Alors messire Bernard se proposa de considérer
attentivement sa sainteté. Aussi il lui fit préparer un lit dans sa
propre chambre, dans laquelle une lampe brûlait toujours durant la nuit. Et
saint François, pour cacher sa sainteté, aussitôt qu’il fut entré dans la
chambre, se jeta sur le lit et fit semblant de dormir. Et messire Bernard, de
même, après quelque temps, se coucha et commença à ronfler avec force comme
s’il dormait très profondément.
Alors saint François, croyant vraiment que messire
Bernard dormait, se leva du lit sur le premier sommeil et se
mit en oraison, levant les yeux et les mains au ciel; et avec une très grande
dévotion et ferveur, il disait: « Mon
Dieu! Mon Dieu! » Et
ainsi parlant et pleurant abondamment, il demeura jusqu’à Matines, répétant
toujours: « Mon Dieu!
Mon Dieu! », et rien
d’autre.
Et cela, saint François le disait, contemplant et
admirant l’excellence de la divine Majesté, qui daignait condescendre aux torts
du monde qui périssait et par son serviteur François le petit pauvre, se disposait à pourvoir au remède du salut de
son âme et de celle des autres. Et pour cela, illuminé de l’esprit de
prophétie, prévoyant les grandes choses que Dieu devait faire par lui et par
son Ordre, et considérant son insuffisance et son peu de vertu, il appelait et
priait Dieu i que, par sa pitié et sa Toute-Puissance, sans laquelle ne peut
rien l’humaine fragilité, il suppléât, aidât et accomplît ce qu’il ne pouvait
par lui-même.
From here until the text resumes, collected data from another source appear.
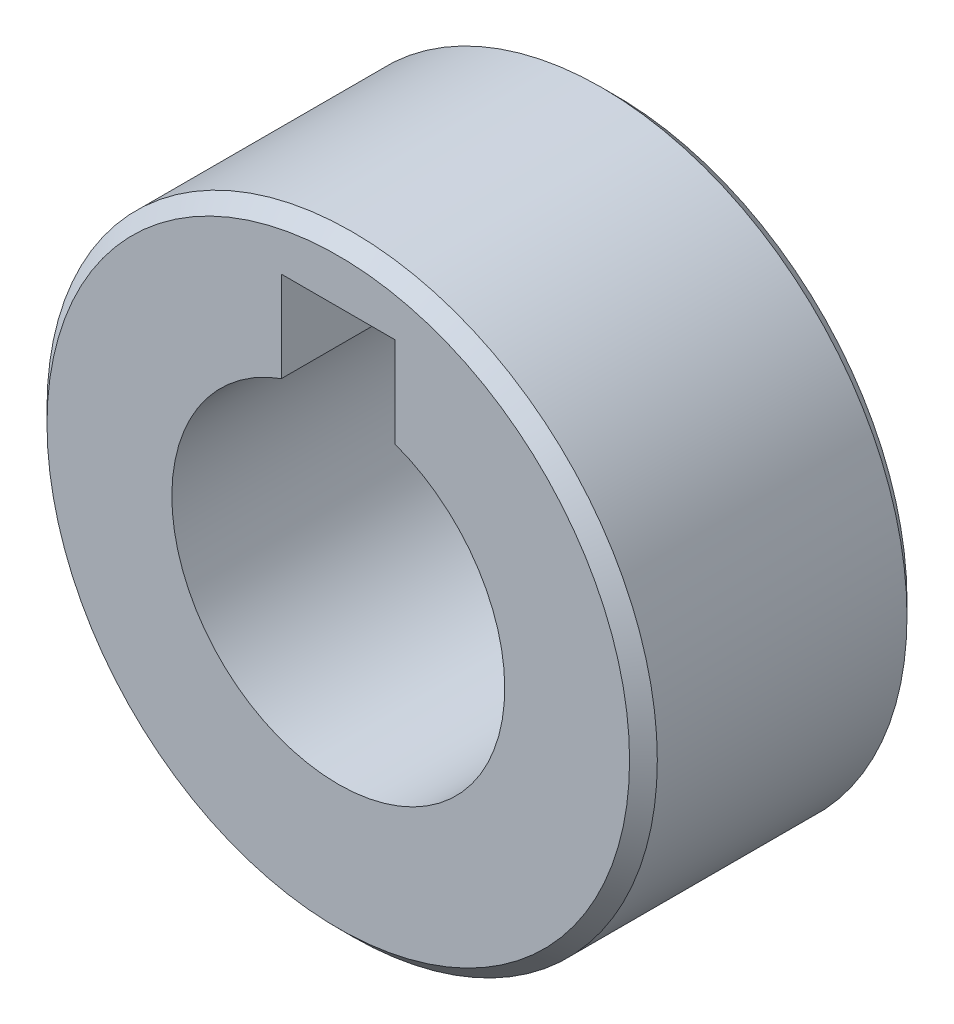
from build123d import *

# Parameters (mm, degrees)
ESQUISSE1_R             = 11
ESQUISSE1_R_2           = 6
EXTRUSION1_DEPTH        = 10
CHANFREIN1_SIZE         = 0.5
ENL_V_MAT_EXTRU_1_DEPTH = 19.493242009


with BuildPart() as part:
    # Esquisse1 → Extrusion1 (new body)
    with BuildSketch(Plane.XY):
        Circle(ESQUISSE1_R)
        Circle(ESQUISSE1_R_2, mode=Mode.SUBTRACT)
    extrude(amount=EXTRUSION1_DEPTH)

    # Chanfrein1
    chanfrein1_edges = [part.edges().sort_by_distance(p)[0] for p in [
        (-11, 0, 0),
        (-11, 0, 10),
    ]]
    chamfer(chanfrein1_edges, length=CHANFREIN1_SIZE)

    # Esquisse2 → Enl_v. mat.-Extru.1 (cut, through all)
    with BuildSketch(Plane.XY.offset(10)):
        with BuildLine():
            Line((-2.05, 5.638927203), (-2.05, 8.9))
            Line((-2.05, 8.9), (2.05, 8.9))
            Line((2.05, 8.9), (2.05, 5.638927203))
            ThreePointArc((2.05, 5.638927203), (0, 6), (-2.05, 5.638927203))
        make_face()
    extrude(amount=-ENL_V_MAT_EXTRU_1_DEPTH, mode=Mode.SUBTRACT)


solid = part.part
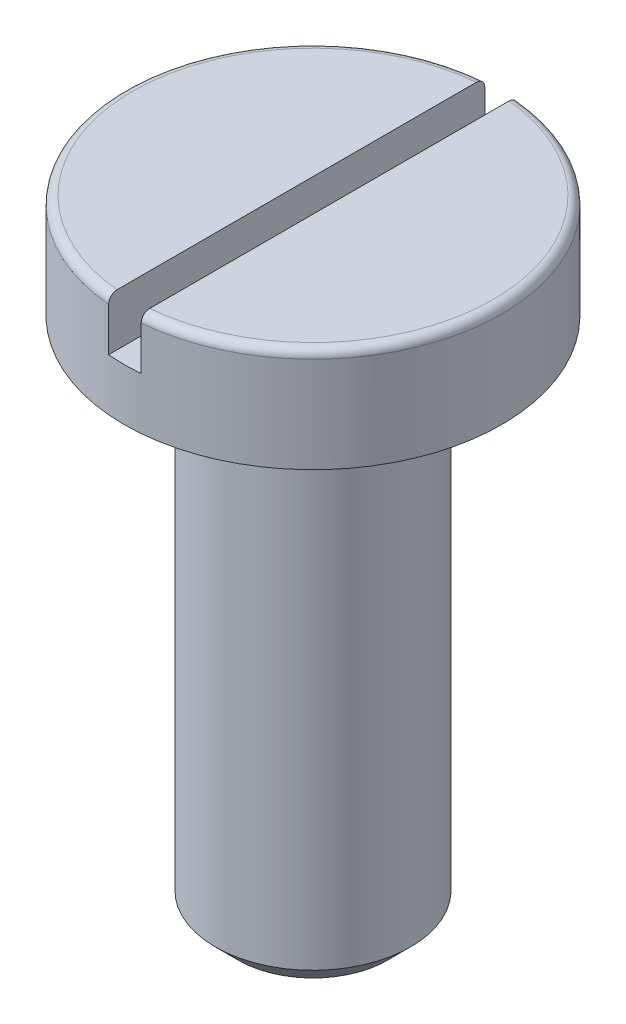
ISO-10303-21;
HEADER;
FILE_DESCRIPTION(('STEP AP214'),'2;1');
FILE_NAME('part.step','',(''),(''),'','','');
FILE_SCHEMA(('AUTOMOTIVE_DESIGN { 1 0 10303 214 1 1 1 1 }'));
ENDSEC;
DATA;
#1=APPLICATION_CONTEXT('core data for automotive mechanical design processes');
#2=APPLICATION_PROTOCOL_DEFINITION('international standard','automotive_design',2000,#1);
#3=PRODUCT_CONTEXT('',#1,'mechanical');
#4=PRODUCT('Part','Part','',(#3));
#5=PRODUCT_RELATED_PRODUCT_CATEGORY('part','',(#4));
#6=PRODUCT_DEFINITION_FORMATION('','',#4);
#7=PRODUCT_DEFINITION_CONTEXT('part definition',#1,'design');
#8=PRODUCT_DEFINITION('design','',#6,#7);
#9=PRODUCT_DEFINITION_SHAPE('','',#8);
#10=(LENGTH_UNIT() NAMED_UNIT(*) SI_UNIT(.MILLI.,.METRE.));
#11=(NAMED_UNIT(*) PLANE_ANGLE_UNIT() SI_UNIT($,.RADIAN.));
#12=(NAMED_UNIT(*) SI_UNIT($,.STERADIAN.) SOLID_ANGLE_UNIT());
#13=UNCERTAINTY_MEASURE_WITH_UNIT(LENGTH_MEASURE(1.E-05),#10,'distance_accuracy_value','');
#14=(GEOMETRIC_REPRESENTATION_CONTEXT(3) GLOBAL_UNCERTAINTY_ASSIGNED_CONTEXT((#13)) GLOBAL_UNIT_ASSIGNED_CONTEXT((#10,
#11,#12)) REPRESENTATION_CONTEXT('',''));
#15=CARTESIAN_POINT('',(0.,0.,0.));
#16=DIRECTION('',(0.,0.,1.));
#17=DIRECTION('',(1.,0.,0.));
#18=AXIS2_PLACEMENT_3D('',#15,#16,#17);
#19=CARTESIAN_POINT('',(0.,1.6,0.));
#20=DIRECTION('',(0.,-1.,0.));
#21=DIRECTION('',(0.,0.,-1.));
#22=AXIS2_PLACEMENT_3D('',#19,#20,#21);
#23=PLANE('',#22);
#24=CARTESIAN_POINT('',(0.,1.6,0.));
#25=DIRECTION('',(0.,1.,0.));
#26=DIRECTION('',(0.,0.,1.));
#27=AXIS2_PLACEMENT_3D('',#24,#25,#26);
#28=CIRCLE('',#27,2.77);
#29=CARTESIAN_POINT('',(-0.25,1.6,-2.75869534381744));
#30=VERTEX_POINT('',#29);
#31=CARTESIAN_POINT('',(-0.25,1.6,2.75869534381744));
#32=VERTEX_POINT('',#31);
#33=EDGE_CURVE('E96',#30,#32,#28,.T.);
#34=ORIENTED_EDGE('',*,*,#33,.T.);
#35=DIRECTION('',(0.,0.,1.));
#36=VECTOR('',#35,1.);
#37=CARTESIAN_POINT('',(-0.25,1.6,-2.9));
#38=LINE('',#37,#36);
#39=EDGE_CURVE('E87',#30,#32,#38,.T.);
#40=ORIENTED_EDGE('',*,*,#39,.F.);
#41=EDGE_LOOP('',(#34,#40));
#42=FACE_BOUND('',#41,.T.);
#43=ADVANCED_FACE('F33',(#42),#23,.F.);
#44=CARTESIAN_POINT('',(0.,1.47,0.));
#45=DIRECTION('',(0.,1.,0.));
#46=DIRECTION('',(0.,0.,1.));
#47=AXIS2_PLACEMENT_3D('',#44,#45,#46);
#48=TOROIDAL_SURFACE('',#47,2.77,0.13);
#49=ORIENTED_EDGE('',*,*,#33,.F.);
#50=CARTESIAN_POINT('',(-0.25,1.54312910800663,-2.86660008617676));
#51=CARTESIAN_POINT('',(-0.25,1.53711294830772,-2.87070858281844));
#52=CARTESIAN_POINT('',(-0.25,1.53074624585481,-2.87431298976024));
#53=CARTESIAN_POINT('',(-0.25,1.51749299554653,-2.88040507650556));
#54=CARTESIAN_POINT('',(-0.25,1.51060585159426,-2.88289145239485));
#55=CARTESIAN_POINT('',(-0.25,1.49651364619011,-2.88667077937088));
#56=CARTESIAN_POINT('',(-0.25,1.48930870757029,-2.88796418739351));
#57=CARTESIAN_POINT('',(-0.25,1.47478583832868,-2.88932087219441));
#58=CARTESIAN_POINT('',(-0.25,1.46746793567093,-2.88938444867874));
#59=CARTESIAN_POINT('',(-0.25,1.45293403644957,-2.8882811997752));
#60=CARTESIAN_POINT('',(-0.25,1.44571793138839,-2.88711580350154));
#61=CARTESIAN_POINT('',(-0.25,1.43158343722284,-2.88359050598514));
#62=CARTESIAN_POINT('',(-0.25,1.42466505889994,-2.88123056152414));
#63=CARTESIAN_POINT('',(-0.25,1.41131907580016,-2.87538309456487));
#64=CARTESIAN_POINT('',(-0.25,1.40489167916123,-2.87189509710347));
#65=CARTESIAN_POINT('',(-0.25,1.39271174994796,-2.86389214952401));
#66=CARTESIAN_POINT('',(-0.25,1.38695922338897,-2.85937719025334));
#67=CARTESIAN_POINT('',(-0.25,1.37627619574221,-2.84943666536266));
#68=CARTESIAN_POINT('',(-0.25,1.37134782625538,-2.84400880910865));
#69=CARTESIAN_POINT('',(-0.25,1.36246828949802,-2.83240536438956));
#70=CARTESIAN_POINT('',(-0.25,1.35851713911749,-2.82622976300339));
#71=CARTESIAN_POINT('',(-0.25,1.35168868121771,-2.81328178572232));
#72=CARTESIAN_POINT('',(-0.25,1.34881538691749,-2.80650729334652));
#73=CARTESIAN_POINT('',(-0.25,1.34424259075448,-2.79257309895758));
#74=CARTESIAN_POINT('',(-0.25,1.34254311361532,-2.78541338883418));
#75=CARTESIAN_POINT('',(-0.25,1.34036090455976,-2.77088620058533));
#76=CARTESIAN_POINT('',(-0.25,1.33988228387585,-2.76351810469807));
#77=CARTESIAN_POINT('',(-0.25,1.34016668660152,-2.74880587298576));
#78=CARTESIAN_POINT('',(-0.25,1.34092972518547,-2.74146173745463));
#79=CARTESIAN_POINT('',(-0.25,1.34367835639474,-2.72699381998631));
#80=CARTESIAN_POINT('',(-0.25,1.34566587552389,-2.71987040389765));
#81=CARTESIAN_POINT('',(-0.25,1.35080982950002,-2.70605883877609));
#82=CARTESIAN_POINT('',(-0.25,1.35396626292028,-2.69937068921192));
#83=CARTESIAN_POINT('',(-0.25,1.36135597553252,-2.68662772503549));
#84=CARTESIAN_POINT('',(-0.25,1.36558811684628,-2.68057225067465));
#85=CARTESIAN_POINT('',(-0.25,1.37501217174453,-2.669260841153));
#86=CARTESIAN_POINT('',(-0.25,1.38020406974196,-2.66400489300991));
#87=CARTESIAN_POINT('',(-0.25,1.39138176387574,-2.65446131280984));
#88=CARTESIAN_POINT('',(-0.25,1.39736480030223,-2.6501704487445));
#89=CARTESIAN_POINT('',(-0.25,1.40996883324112,-2.64265916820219));
#90=CARTESIAN_POINT('',(-0.25,1.41658981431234,-2.63943872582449));
#91=CARTESIAN_POINT('',(-0.25,1.43025138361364,-2.63417400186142));
#92=CARTESIAN_POINT('',(-0.25,1.43729005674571,-2.63212475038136));
#93=CARTESIAN_POINT('',(-0.25,1.45161198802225,-2.62924116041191));
#94=CARTESIAN_POINT('',(-0.25,1.45889524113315,-2.62840679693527));
#95=CARTESIAN_POINT('',(-0.25,1.47347542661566,-2.62797811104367));
#96=CARTESIAN_POINT('',(-0.25,1.48077224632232,-2.62837994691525));
#97=CARTESIAN_POINT('',(-0.25,1.49519466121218,-2.63040351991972));
#98=CARTESIAN_POINT('',(-0.25,1.50232025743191,-2.63202524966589));
#99=CARTESIAN_POINT('',(-0.25,1.51619554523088,-2.63644047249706));
#100=CARTESIAN_POINT('',(-0.25,1.52294537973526,-2.63923351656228));
#101=CARTESIAN_POINT('',(-0.25,1.53588196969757,-2.64591040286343));
#102=CARTESIAN_POINT('',(-0.25,1.54206871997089,-2.64979425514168));
#103=CARTESIAN_POINT('',(-0.25,1.55372078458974,-2.65855221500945));
#104=CARTESIAN_POINT('',(-0.25,1.55918424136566,-2.66342879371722));
#105=CARTESIAN_POINT('',(-0.25,1.56921910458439,-2.67402657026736));
#106=CARTESIAN_POINT('',(-0.25,1.5737904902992,-2.67974778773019));
#107=CARTESIAN_POINT('',(-0.25,1.58193168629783,-2.69189783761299));
#108=CARTESIAN_POINT('',(-0.25,1.5854972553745,-2.69832951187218));
#109=CARTESIAN_POINT('',(-0.25,1.59150274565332,-2.71169852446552));
#110=CARTESIAN_POINT('',(-0.25,1.59394263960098,-2.71863587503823));
#111=CARTESIAN_POINT('',(-0.25,1.59763652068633,-2.73284780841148));
#112=CARTESIAN_POINT('',(-0.25,1.59888594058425,-2.74012357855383));
#113=CARTESIAN_POINT('',(-0.25,1.60014789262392,-2.75478137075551));
#114=CARTESIAN_POINT('',(-0.25,1.60016045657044,-2.76216339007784));
#115=CARTESIAN_POINT('',(-0.25,1.59894723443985,-2.77683733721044));
#116=CARTESIAN_POINT('',(-0.25,1.59771939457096,-2.78412909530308));
#117=CARTESIAN_POINT('',(-0.25,1.59405541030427,-2.79840462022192));
#118=CARTESIAN_POINT('',(-0.25,1.59161896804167,-2.80538831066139));
#119=CARTESIAN_POINT('',(-0.25,1.58560742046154,-2.81884276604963));
#120=CARTESIAN_POINT('',(-0.25,1.58203280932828,-2.82531375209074));
#121=CARTESIAN_POINT('',(-0.25,1.57384692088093,-2.83755525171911));
#122=CARTESIAN_POINT('',(-0.25,1.56923690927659,-2.84332660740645));
#123=CARTESIAN_POINT('',(-0.25,1.560999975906,-2.852017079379));
#124=CARTESIAN_POINT('',(-0.25,1.5576452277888,-2.85519860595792));
#125=CARTESIAN_POINT('',(-0.25,1.55061699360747,-2.8611876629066));
#126=CARTESIAN_POINT('',(-0.25,1.54694350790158,-2.86399519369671));
#127=CARTESIAN_POINT('',(-0.25,1.54312910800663,-2.86660008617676));
#128=B_SPLINE_CURVE_WITH_KNOTS('',3,(#50,#51,#52,#53,#54,#55,#56,#57,#58,#59,#60,#61,#62,#63,
#64,#65,#66,#67,#68,#69,#70,#71,#72,#73,#74,#75,#76,#77,#78,#79,#80,#81,#82,#83,#84,#85,#86,#87,
#88,#89,#90,#91,#92,#93,#94,#95,#96,#97,#98,#99,#100,#101,#102,#103,#104,#105,#106,#107,#108,
#109,#110,#111,#112,#113,#114,#115,#116,#117,#118,#119,#120,#121,#122,#123,#124,#125,#126,#127),
.UNSPECIFIED.,.T.,.F.,(4,2,2,2,2,2,2,2,2,2,2,2,2,2,2,2,2,2,2,2,2,2,2,2,2,2,2,2,2,2,2,2,2,2,2,2,
2,2,4),(0.,0.0218387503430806,0.0437029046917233,0.0655586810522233,0.0874091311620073,
0.109234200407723,0.131060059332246,0.152895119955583,0.174730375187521,0.196621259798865,
0.218512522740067,0.240484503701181,0.262456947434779,0.284503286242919,0.306549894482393,
0.328631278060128,0.350712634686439,0.372770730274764,0.394828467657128,0.416811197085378,
0.438793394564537,0.460681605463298,0.48256936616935,0.50438917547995,0.526208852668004,
0.548020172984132,0.569831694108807,0.591698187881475,0.613565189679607,0.635523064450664,
0.657481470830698,0.679523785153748,0.701565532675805,0.723643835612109,0.745727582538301,
0.767801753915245,0.789849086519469,0.803695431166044,0.81754176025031),.UNSPECIFIED.);
#129=CARTESIAN_POINT('',(-0.25,1.47,-2.88920404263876));
#130=VERTEX_POINT('',#129);
#131=EDGE_CURVE('E84',#30,#130,#128,.T.);
#132=ORIENTED_EDGE('',*,*,#131,.T.);
#133=CARTESIAN_POINT('',(0.,1.47,0.));
#134=DIRECTION('',(0.,1.,0.));
#135=DIRECTION('',(0.,0.,1.));
#136=AXIS2_PLACEMENT_3D('',#133,#134,#135);
#137=CIRCLE('',#136,2.9);
#138=CARTESIAN_POINT('',(-0.25,1.46999999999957,2.88920404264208));
#139=VERTEX_POINT('',#138);
#140=EDGE_CURVE('E103',#130,#139,#137,.T.);
#141=ORIENTED_EDGE('',*,*,#140,.T.);
#142=CARTESIAN_POINT('',(-0.25,1.51508458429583,2.63624066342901));
#143=CARTESIAN_POINT('',(-0.25,1.50826683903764,2.63370882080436));
#144=CARTESIAN_POINT('',(-0.25,1.50123065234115,2.63175022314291));
#145=CARTESIAN_POINT('',(-0.25,1.48692355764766,2.629040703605));
#146=CARTESIAN_POINT('',(-0.25,1.47965238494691,2.62829119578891));
#147=CARTESIAN_POINT('',(-0.25,1.46509003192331,2.62802469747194));
#148=CARTESIAN_POINT('',(-0.25,1.45779886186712,2.62850716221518));
#149=CARTESIAN_POINT('',(-0.25,1.44340306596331,2.63068950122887));
#150=CARTESIAN_POINT('',(-0.25,1.43629839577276,2.63238908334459));
#151=CARTESIAN_POINT('',(-0.25,1.42247481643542,2.63695570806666));
#152=CARTESIAN_POINT('',(-0.25,1.41575590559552,2.63982274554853));
#153=CARTESIAN_POINT('',(-0.25,1.40289281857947,2.64664142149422));
#154=CARTESIAN_POINT('',(-0.25,1.39674866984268,2.65059311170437));
#155=CARTESIAN_POINT('',(-0.25,1.38519223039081,2.65947903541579));
#156=CARTESIAN_POINT('',(-0.25,1.37978187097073,2.6644157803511));
#157=CARTESIAN_POINT('',(-0.25,1.36986250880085,2.67512413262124));
#158=CARTESIAN_POINT('',(-0.25,1.36535352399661,2.68089575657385));
#159=CARTESIAN_POINT('',(-0.25,1.35734483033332,2.69313583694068));
#160=CARTESIAN_POINT('',(-0.25,1.35384941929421,2.69960710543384));
#161=CARTESIAN_POINT('',(-0.25,1.34798994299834,2.7130430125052));
#162=CARTESIAN_POINT('',(-0.25,1.34562590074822,2.7200076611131));
#163=CARTESIAN_POINT('',(-0.25,1.34208772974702,2.7342607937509));
#164=CARTESIAN_POINT('',(-0.25,1.34091810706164,2.74155039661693));
#165=CARTESIAN_POINT('',(-0.25,1.33981698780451,2.75622257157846));
#166=CARTESIAN_POINT('',(-0.25,1.33988550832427,2.76360514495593));
#167=CARTESIAN_POINT('',(-0.25,1.3412602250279,2.77826674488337));
#168=CARTESIAN_POINT('',(-0.25,1.34256849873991,2.78554557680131));
#169=CARTESIAN_POINT('',(-0.25,1.34638967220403,2.79977992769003));
#170=CARTESIAN_POINT('',(-0.25,1.34890256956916,2.80673544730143));
#171=CARTESIAN_POINT('',(-0.25,1.35506001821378,2.82011782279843));
#172=CARTESIAN_POINT('',(-0.25,1.35870344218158,2.82654519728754));
#173=CARTESIAN_POINT('',(-0.25,1.36702079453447,2.83869454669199));
#174=CARTESIAN_POINT('',(-0.25,1.37169470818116,2.84441653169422));
#175=CARTESIAN_POINT('',(-0.25,1.38192534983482,2.85497355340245));
#176=CARTESIAN_POINT('',(-0.25,1.38747932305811,2.85981125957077));
#177=CARTESIAN_POINT('',(-0.25,1.39932323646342,2.86848134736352));
#178=CARTESIAN_POINT('',(-0.25,1.40561316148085,2.8723137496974));
#179=CARTESIAN_POINT('',(-0.25,1.41872500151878,2.87884934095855));
#180=CARTESIAN_POINT('',(-0.25,1.42554482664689,2.88155672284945));
#181=CARTESIAN_POINT('',(-0.25,1.43954300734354,2.88578431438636));
#182=CARTESIAN_POINT('',(-0.25,1.44672135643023,2.88730454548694));
#183=CARTESIAN_POINT('',(-0.25,1.46121039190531,2.88911090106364));
#184=CARTESIAN_POINT('',(-0.25,1.46852063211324,2.88940060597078));
#185=CARTESIAN_POINT('',(-0.25,1.48308577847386,2.8887473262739));
#186=CARTESIAN_POINT('',(-0.25,1.49034068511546,2.88780435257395));
#187=CARTESIAN_POINT('',(-0.25,1.50458219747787,2.88471458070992));
#188=CARTESIAN_POINT('',(-0.25,1.5115690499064,2.88256891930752));
#189=CARTESIAN_POINT('',(-0.25,1.52508407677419,2.87713661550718));
#190=CARTESIAN_POINT('',(-0.25,1.53161224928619,2.8738499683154));
#191=CARTESIAN_POINT('',(-0.25,1.54403468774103,2.86622498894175));
#192=CARTESIAN_POINT('',(-0.25,1.54992807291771,2.86188522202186));
#193=CARTESIAN_POINT('',(-0.25,1.56090550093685,2.85228075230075));
#194=CARTESIAN_POINT('',(-0.25,1.56598953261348,2.84701603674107));
#195=CARTESIAN_POINT('',(-0.25,1.57522144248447,2.83569355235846));
#196=CARTESIAN_POINT('',(-0.25,1.57936630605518,2.8296333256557));
#197=CARTESIAN_POINT('',(-0.25,1.58658422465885,2.8169050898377));
#198=CARTESIAN_POINT('',(-0.25,1.58965725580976,2.81023706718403));
#199=CARTESIAN_POINT('',(-0.25,1.59465619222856,2.79645576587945));
#200=CARTESIAN_POINT('',(-0.25,1.59657776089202,2.78934091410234));
#201=CARTESIAN_POINT('',(-0.25,1.59920285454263,2.77488991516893));
#202=CARTESIAN_POINT('',(-0.25,1.59990635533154,2.76755376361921));
#203=CARTESIAN_POINT('',(-0.25,1.6000763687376,2.75284646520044));
#204=CARTESIAN_POINT('',(-0.25,1.59953940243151,2.74547527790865));
#205=CARTESIAN_POINT('',(-0.25,1.59723636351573,2.73092770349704));
#206=CARTESIAN_POINT('',(-0.25,1.59547032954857,2.72375131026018));
#207=CARTESIAN_POINT('',(-0.25,1.59075732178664,2.70979378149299));
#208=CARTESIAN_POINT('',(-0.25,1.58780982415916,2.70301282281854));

Messire Bernard, voyant à la lumière de la lampe, les actes très
pieux de saint François et considérant avec attention les paroles qu’il disait,
fut touché dans son coeur par l’Esprit-Saint et inspiré à changer sa vie.
C’est pourquoi, dès le matin, il appela saint François et
lui parla ainsi: « Frère François, j’ai bien décidé dans
mon coeur d’abandonner le monde et de te suivre en ce que tu me
commanderas ». Entendant
cela, saint François se réjouit en esprit et parla ainsi: « Messire
Bernard, ce que vous dites est une oeuvre si grande et difficile, qu’il nous
faut demander conseil à notre Seigneur Jésus-Christ et le prier qu’il lui
plaise de nous montrer sur cela sa volonté et de nous enseigner comment nous
pouvons la mettre à exécution.
Pour cela,
allons ensemble à l’évêché, où il y a un bon prêtre, et nous ferons dire la
messe; puis nous resterons en oraison jusqu’à Tierce, priant Dieu qu’au moyen
de trois ouvertures du missel, il nous montre la voie qu’il lui plaît que nous
choisissions ». Messire Bernard répondit que cela lui plaisait beaucoup.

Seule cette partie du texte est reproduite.